The potential of Si to influence the availability of P and boost the NUE, expressed as biomass produced per unit of a specific essential nutrient accumulated concerning N, has been shown [232,233]. As a result, Si supplementation in agricultural soils may eliminate the requirement of P and N fertilizer for crop plant production [234]. The wheat plants rapidly absorbed silicon, which was supplied to the substrate in the form of ENMs made up of amorphous pyrogenic hydrophilic SiO2 [233]. The maximum concentration of Si was found in vegetative tissue, i.e., leaf blades > leaf sheaths > culm and the lowest in grain followed by roots, increasing stomata density in the tissues. Wheat plants were shown to transfer around 90% of absorbed Si to the shoots, while root content remained low [233,235]. The addition of Si greatly boosts Pmobility by mobilizing Fe(II)-P phases from mineral surfaces. In phosphorus-deficient soils, it also stimulates soil respiration.
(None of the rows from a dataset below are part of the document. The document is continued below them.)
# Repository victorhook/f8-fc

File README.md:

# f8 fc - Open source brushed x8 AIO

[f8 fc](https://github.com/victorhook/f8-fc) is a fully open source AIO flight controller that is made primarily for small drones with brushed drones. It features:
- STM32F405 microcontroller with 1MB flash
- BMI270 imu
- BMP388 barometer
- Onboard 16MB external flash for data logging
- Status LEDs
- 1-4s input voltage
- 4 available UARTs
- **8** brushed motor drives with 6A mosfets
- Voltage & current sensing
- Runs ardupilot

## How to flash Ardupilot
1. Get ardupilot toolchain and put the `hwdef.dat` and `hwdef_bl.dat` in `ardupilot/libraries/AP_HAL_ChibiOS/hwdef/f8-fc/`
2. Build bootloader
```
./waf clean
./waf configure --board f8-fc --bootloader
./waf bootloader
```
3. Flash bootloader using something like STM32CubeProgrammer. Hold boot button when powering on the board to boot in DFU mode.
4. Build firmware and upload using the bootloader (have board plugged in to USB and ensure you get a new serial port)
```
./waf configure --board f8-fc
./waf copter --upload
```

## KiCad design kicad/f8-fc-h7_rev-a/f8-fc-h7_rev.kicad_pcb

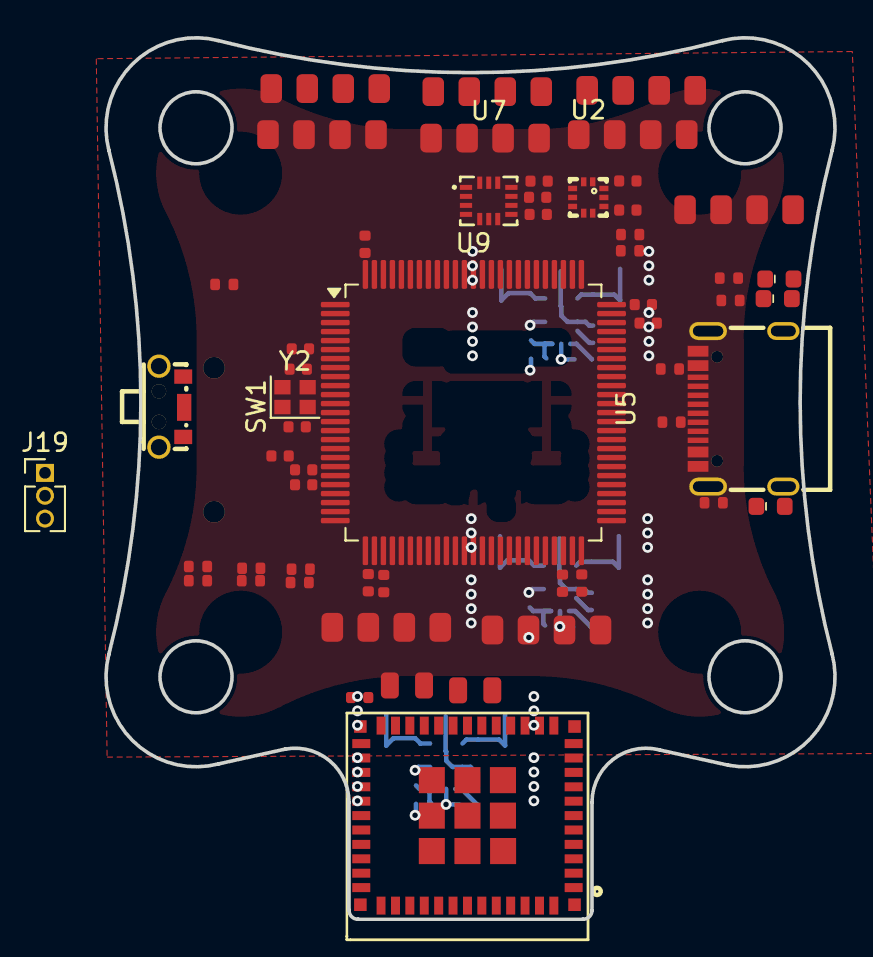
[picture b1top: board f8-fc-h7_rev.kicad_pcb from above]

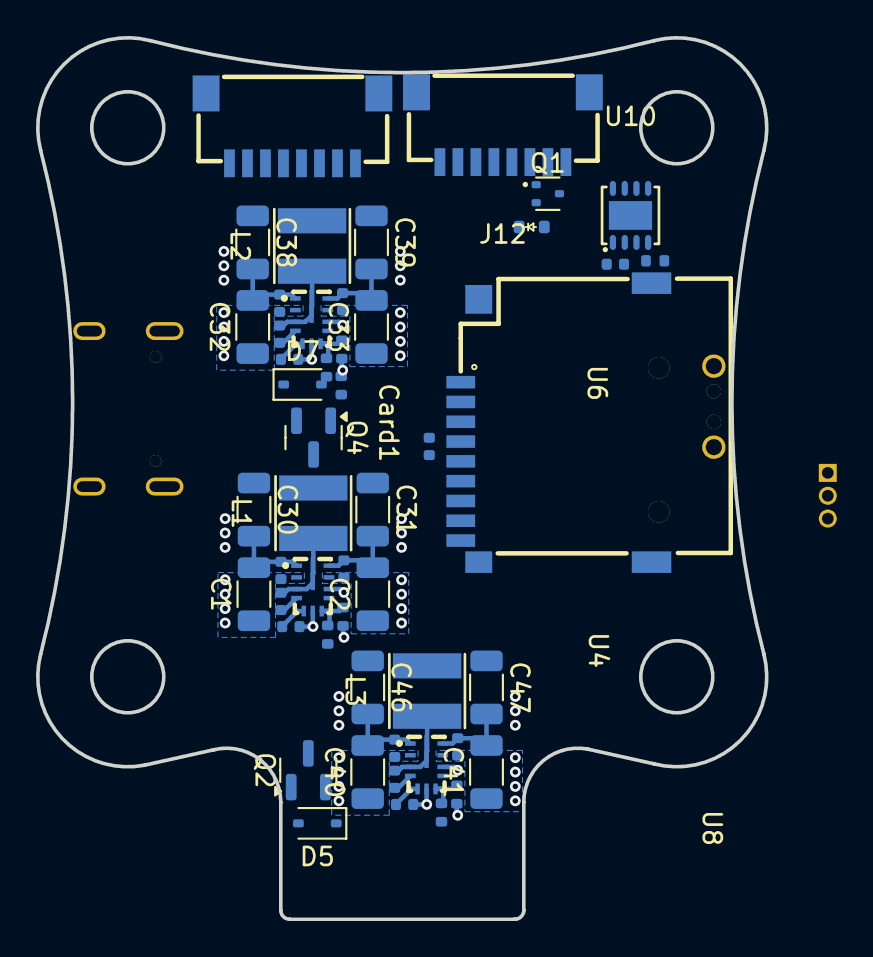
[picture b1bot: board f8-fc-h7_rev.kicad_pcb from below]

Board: 4 copper layers, 40.5 x 49.0 mm, 105 parts (50 on the bottom side), 46 nets.

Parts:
C1, C2, C32, C33, C40, C41: 10uF; C_1206_3216Metric
C3, C11: 10uF; C_0805_2012Metric_NoSilk
C4, C5, C6, C7, C9, C10, C17, C21, C22, C29, C37, C45, C48, C50, C52, C53, C54: 0.1uF; C_0402_1005Metric_NoSilk
C8: 4.7uF; C_0402_1005Metric_NoSilk
C18, C23: 15pF; C_0402_1005Metric_NoSilk
C19: 10nF; C_0402_1005Metric_NoSilk
C20, C49, C51: 2.2uF; C_0402_1005Metric_NoSilk
C24, C27, C34, C35, C42, C43: 220nF; C_0402_1005Metric_NoSilk
C28, C36, C44: 1uF; C_0402_1005Metric_NoSilk
C30, C31, C38, C39, C46, C47: 22uF; C_1206_3216Metric
Card1: TF PUSH; TF-SMD_TF-PUSH
D1: RED; LED_0603_1608Metric_NoSilk
D2: BLUE; LED_0603_1608Metric_NoSilk
D3: GREEN; LED_0603_1608Metric_NoSilk
D4: D_Schottky; D_SOD-523_NoSilk
D5, D7: D_Schottky; D_SOD-323
J1, J12: FC-ESC con; CONN-TH_SM08B-SRSS-TB-LF-SN
J10: USART1; Conn_4_Accesory_Bigger
J11: USART2; Conn_4_Accesory_Bigger
J14: UART4; Conn_4_Accesory_Bigger
J15: USART6; Conn_4_Accesory_Bigger
J16, J17, J18, J18#2, J18#3: I2C; Conn_4_Accesory_Bigger
J19: Debug; PinHeader_1x03_P1.27mm_Vertical
L1, L2, L3: 6.8uH; IND-SMD_L4.1-W4.1_ASFPIG4020
Q1: PMOS; SOT-523
Q2, Q4: WST4041; SOT-23
R1, R14, R16: 100k; R_0402_1005Metric_NoSilk
R2, R3, R11, R13, R20, R22, R23: 10k; R_0402_1005Metric_NoSilk
R4, R5, R6, R18: 1k; R_0402_1005Metric_NoSilk
R9, R10: 5.11k; R_0402_1005Metric_NoSilk
R12: 12.5K; R_0402_1005Metric_NoSilk
R15: 24.9k; R_0402_1005Metric_NoSilk
R17: 43.5k; R_0402_1005Metric_NoSilk
R24, R25: 2.2k; R_0402_1005Metric_NoSilk
R26: 120R; R_0402_1005Metric_NoSilk
SW1: SW_SPST; SW-SMD_TS-1086EV-16
U2: BMP388; SENSORM-SMD_BMP388
U3: ESP32-C3-MINI-1U-N4; WIFIM-SMD_61P-L13.2-W12.5-P0.80
U4, U6, U8: LMR33630AQRNXRQ1; VQFN-12_L3.0-W2.0-P0.65-BL_TI_RNX
U5: GT-USB-7010AN; USB-SMD_GT-USB-7010AN
U7: ICM-42688-P; LGA-14_L3.0-W2.5-P0.50-TL
U9: STM32H743VIT6; LQFP-100_14x14mm_P0.5mm
U10: SIT1050TK; TDFN-8_L3.0-W3.0-P0.65-BL-EP
Y2: 16 MHz; Crystal_SMD_2016-4Pin_2.0x1.6mm

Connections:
+3.3V: C3.1, C4.1, C5.1, C6.1, C8.1, C9.1, C10.1, C11.1, C17.1, C19.1, C20.1, C21.1, C22.1, C48.1, C50.1, C52.1, C53.1, C54.1, Card1.4 (VDD), J16.3, SW1.2 (B), U2.1 (VDDIO), U2.6 (CSB), U2.10 (VDD), U3.3 (3V3), U7.5 (VDDIO), U7.8 (VDD), U9.6 (VBAT), U9.11 (VDD), U9.20 (VREF+), U9.21 (VDDA), U9.27 (VDD), U9.50 (VDD), U9.75 (VDD), U9.100 (VDD), U10.5 (Vref)
+3V3: C46.1, C47.1, L3.2, R16.1, R24.1, R25.1
+4V5: C7.1, D7.1 (K), Q4.2 (S), U10.3 (VCC)
+5V: C30.1, C31.1, L1.2, Q4.3 (D), R1.1
+9V: C38.1, C39.1, L2.2, R14.1
BOOT0: R13.1, SW1.1 (A), U9.94 (BOOT0)
CANH: R26.1, U10.7 (CANH)
CANL: R26.2, U10.6 (CANL)
CURR_EXT: J1.3, J12.3
CURR_SENSE: R22.2, R23.1
GND: C1.2, C2.2, C3.2, C4.2, C5.2, C6.2, C7.2, C8.2, C9.2, C10.2, C11.2, C17.2, C18.2, C19.2, C20.2, C21.2, C22.2, C23.2, C24.2, C27.2, C28.1, C30.2, C31.2, C32.2, C33.2, C34.2, C35.2, C36.1, C38.2, C39.2, C40.2, C41.2, C42.2, C43.2, C44.1, C46.2, C47.2, C48.2, C49.2, C50.2, C51.2, C52.2, C53.2, C54.2, Card1.6 (VSS), D1.1 (K), D2.1 (K), D3.1 (K), J1.2, J10.4, J11.4, J12.2, J14.4, J15.4, J16.4, J17.4, J18.4, J18#2.4, J18#3.4, J19.3, R3.2, R9.2, R10.2, R12.2, R13.2, R15.2, R17.2, R18.2, R20.2, R23.2, U2.3 (VSS), U2.5 (SDO), U2.8 (VSS), U2.9 (VSS), U3.1 (GND), U3.2 (GND), U3.11 (GND), U3.14 (GND), U3.36 (GND), U3.37 (GND), U3.38 (GND), U3.39 (GND), U3.40 (GND), U3.41 (GND), U3.42 (GND), U3.43 (GND), U3.44 (GND), U3.45 (GND), U3.46 (GND), U3.47 (GND), U3.48 (GND), U3.49 (GND), U3.50 (GND), U3.51 (GND), U3.52 (GND), U3.53 (GND), U3.54 (GND), U3.55 (GND), U3.56 (GND), U3.57 (GND), U3.58 (GND), U3.59 (GND), U3.60 (GND), U3.61 (GND), U4.1 (PGND), U4.6 (AGND), U4.11 (PGND), U5.13 (GND), U5.14 (GND), U5.15 (GND), U5.16 (GND), U5.A1B12 (GND), U5.B1A12 (GND), U6.1 (PGND), U6.6 (AGND), U6.11 (PGND), U7.6 (GND), U8.1 (PGND), U8.6 (AGND), U8.11 (PGND), U9.10 (VSS), U9.19 (VSSA), U9.26 (VSS), U9.49 (VSS), U9.74 (VSS), U9.99 (VSS), U10.2 (GND), U10.8 (S), U10.9 (EP), Y2.2, Y2.4
I2C1_SCL: J16.2, R25.2, U2.2 (SCK)
I2C1_SDA: J16.1, R24.2, U2.4 (SDI)
unnamed: C49.1, U9.48 (VCAP)
unnamed: C51.1, U9.73 (VCAP)
unnamed: D1.2 (A), R4.1
unnamed: D2.2 (A), R5.1
unnamed: D3.2 (A), R6.1
unnamed: C29.1, U4.4 (BOOT)
unnamed: R1.2, R12.1, U4.7 (FB)
unnamed: C29.2, L1.1, U4.3 (NC), U4.12 (SW)
unnamed: C28.2, U4.5 (VCC)
unnamed: R10.1, U5.A5 (CC1)
unnamed: R9.1, U5.B5 (CC2)
unnamed: C37.1, U6.4 (BOOT)
unnamed: R14.2, R15.1, U6.7 (FB)
unnamed: C37.2, L2.1, U6.3 (NC), U6.12 (SW)
unnamed: C36.2, U6.5 (VCC)
unnamed: C45.1, U8.4 (BOOT)
unnamed: R16.2, R17.1, U8.7 (FB)
unnamed: C45.2, L3.1, U8.3 (NC), U8.12 (SW)
unnamed: C44.2, U8.5 (VCC)
unnamed: C18.1, U9.12 (PH0), Y2.1
unnamed: C23.1, U9.13 (PH1), Y2.3
RGB_LED: J18.1, J18#2.1, J18#3.1
SERVO_3: J18.2, J18#2.2, J18#3.2
SWCLK: J19.1, U9.76 (PA14)
SWDIO: J19.2, U9.72 (PA13)
Telemetry: J1.4, J12.4
USB+: U5.A6 (DP1), U5.B6 (DP2), U9.71 (PA12)
USB-: U5.A7 (DN1), U5.B7 (DN2), U9.70 (PA11)
VBAT: C1.1, C2.1, C24.1, C27.1, C32.1, C33.1, C34.1, C35.1, J1.1, J10.3, J11.3, J12.1, J14.3, J15.3, J17.3, J18.3, J18#2.3, J18#3.3, Q1.3 (D), R11.1, U4.2 (VIN), U4.9 (EN), U4.10 (VIN), U6.2 (VIN), U6.9 (EN), U6.10 (VIN)
VBAT_SENSE: R11.2, R18.1
VBUS: D4.2 (A), D5.2 (A), D7.2 (A), Q1.1 (G), Q4.1 (G), R2.1, R20.1, U5.A4B9 (VBUS), U5.B4A9 (VBUS)
VSUB_SENSE: R2.2, R3.1, U9.68 (PA9)
VSYS: C40.1, C41.1, C42.1, C43.1, D4.1 (K), D5.1 (K), Q1.2 (S), U8.2 (VIN), U8.9 (EN), U8.10 (VIN)

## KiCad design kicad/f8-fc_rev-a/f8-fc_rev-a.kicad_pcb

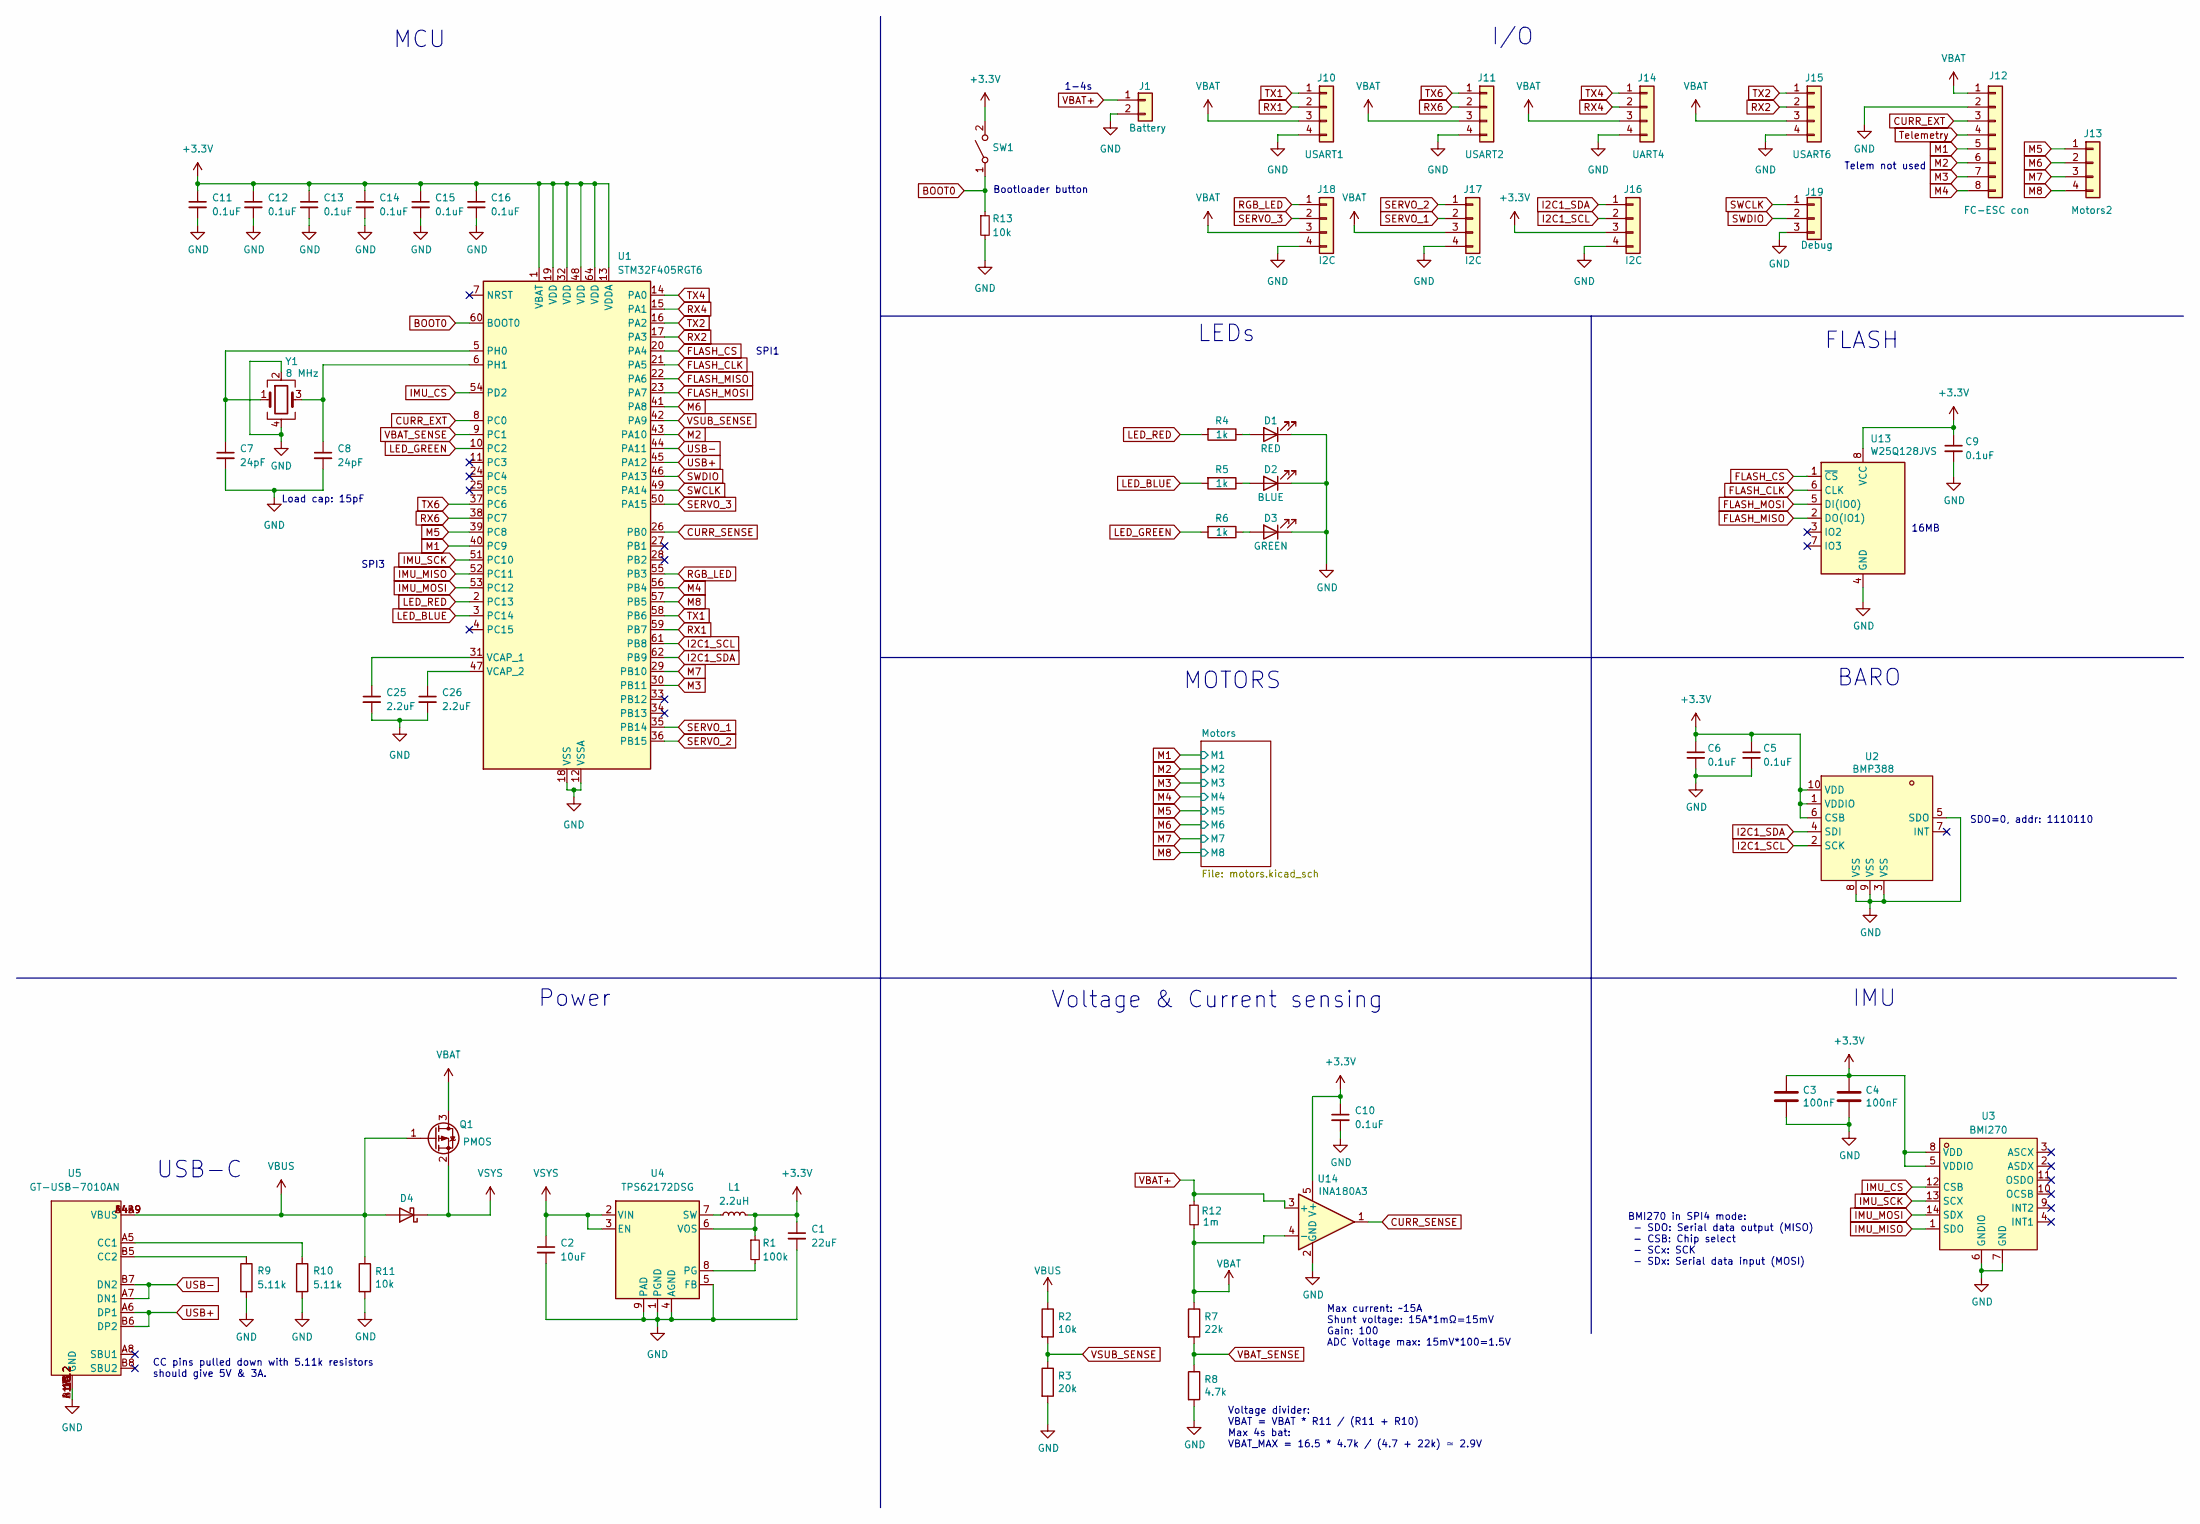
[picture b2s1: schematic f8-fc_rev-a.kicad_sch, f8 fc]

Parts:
C1: 22uF; C_0603_1608Metric_NoSilk
C2: 10uF; C_0603_1608Metric_NoSilk
C3, C4: 100nF; C_0402_1005Metric_NoSilk
C5, C6, C9, C10, C11, C12, C13, C14, C15, C16: 0.1uF; C_0402_1005Metric_NoSilk
C7, C8: 24pF; C_0402_1005Metric_NoSilk
C25, C26: 2.2uF; C_0402_1005Metric_NoSilk
D1: RED; LED_0603_1608Metric_NoSilk
D2: BLUE; LED_0603_1608Metric_NoSilk
D3: GREEN; LED_0603_1608Metric_NoSilk
D4: D_Schottky; D_SOD-523_NoSilk; LCSC Part C455040
J1: Battery; Conn_2_Bat
J10: USART1; Conn_4_Accesory
J11: USART2; Conn_4_Accesory
J12: FC-ESC con; Conn_8_Accesory
J13: Motors2; Conn_4_Accesory
J14: UART4; Conn_4_Accesory
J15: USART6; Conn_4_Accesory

It isa major factor for mobilizing phosphorus in Arctic soils, suggesting that this may also be important for sustainable management of phosphorus availability in soils [233,236].

Environmental protection, financial stability, and biological sustainability are more notable consequences of nano-goods supporting plant crops (Table 1). According to Tiwari et al. [237], NMs may boost plant stress tolerance, whereas nano-fertilizers may improve overall plant health. The specific biosensors may be associated with NFs to manage the delivery and bioavailability of nutrients based on plant types, growth stage, and agro-climatic zones. Above all, huge industrial set-up and vast transport using large quantities of energy may also be compressed in the event of global acceptance of NFs, as these are required in modest quantities compared to synthetic fertilizers for crop production [160,238].

5. Conclusions and Future Perspective

Plenty of ENMs have extended genuine promise in agriculture and plant/crop productivity. However, much more seems to be unestablished to reinforce scientific knowledge in order to produce another green revolution in years to come for the welfare of global food security under the era of climate change, associated with adverse environmental variables and increasing population in developing countries. As agricultural produce is essential to support and sustain life on planet Earth, recent advances of NFs may be explored to achieve precision agriculture with ecological and economical viability. It must be noted that the worldwide green revolution resulted in enhanced production of food grains at the cost of disproportionate use of artificial/synthetic fertilizers and pesticides, which severely impaired our ecosystem. Thus, both of these troubles associated with agriculture may be substituted in an eco-friendly way by using NFs and NPs to safeguard our ecosystem/agro-climatic zones. The fertilizers obtained from biological resources may have numerous advantages over synthetic fertilizers in maximizing crop expansion with nutrient utilization efficiency and mitigation of climate change. Interestingly, NFs have shown considerable promise as an innovative approach and may confer in vivo enhanced agri-potential by maintaining the physiological fitness of crop plants holistically to maximize their metabolic processes, viz., WUE, NUE, LUE, and CUE, integrated with plant performance and plant productivity/carbon economy, found to be essential for the exploration of another green/grain revolution to feed the population globally with a healthy ecosystem under climate change in the future.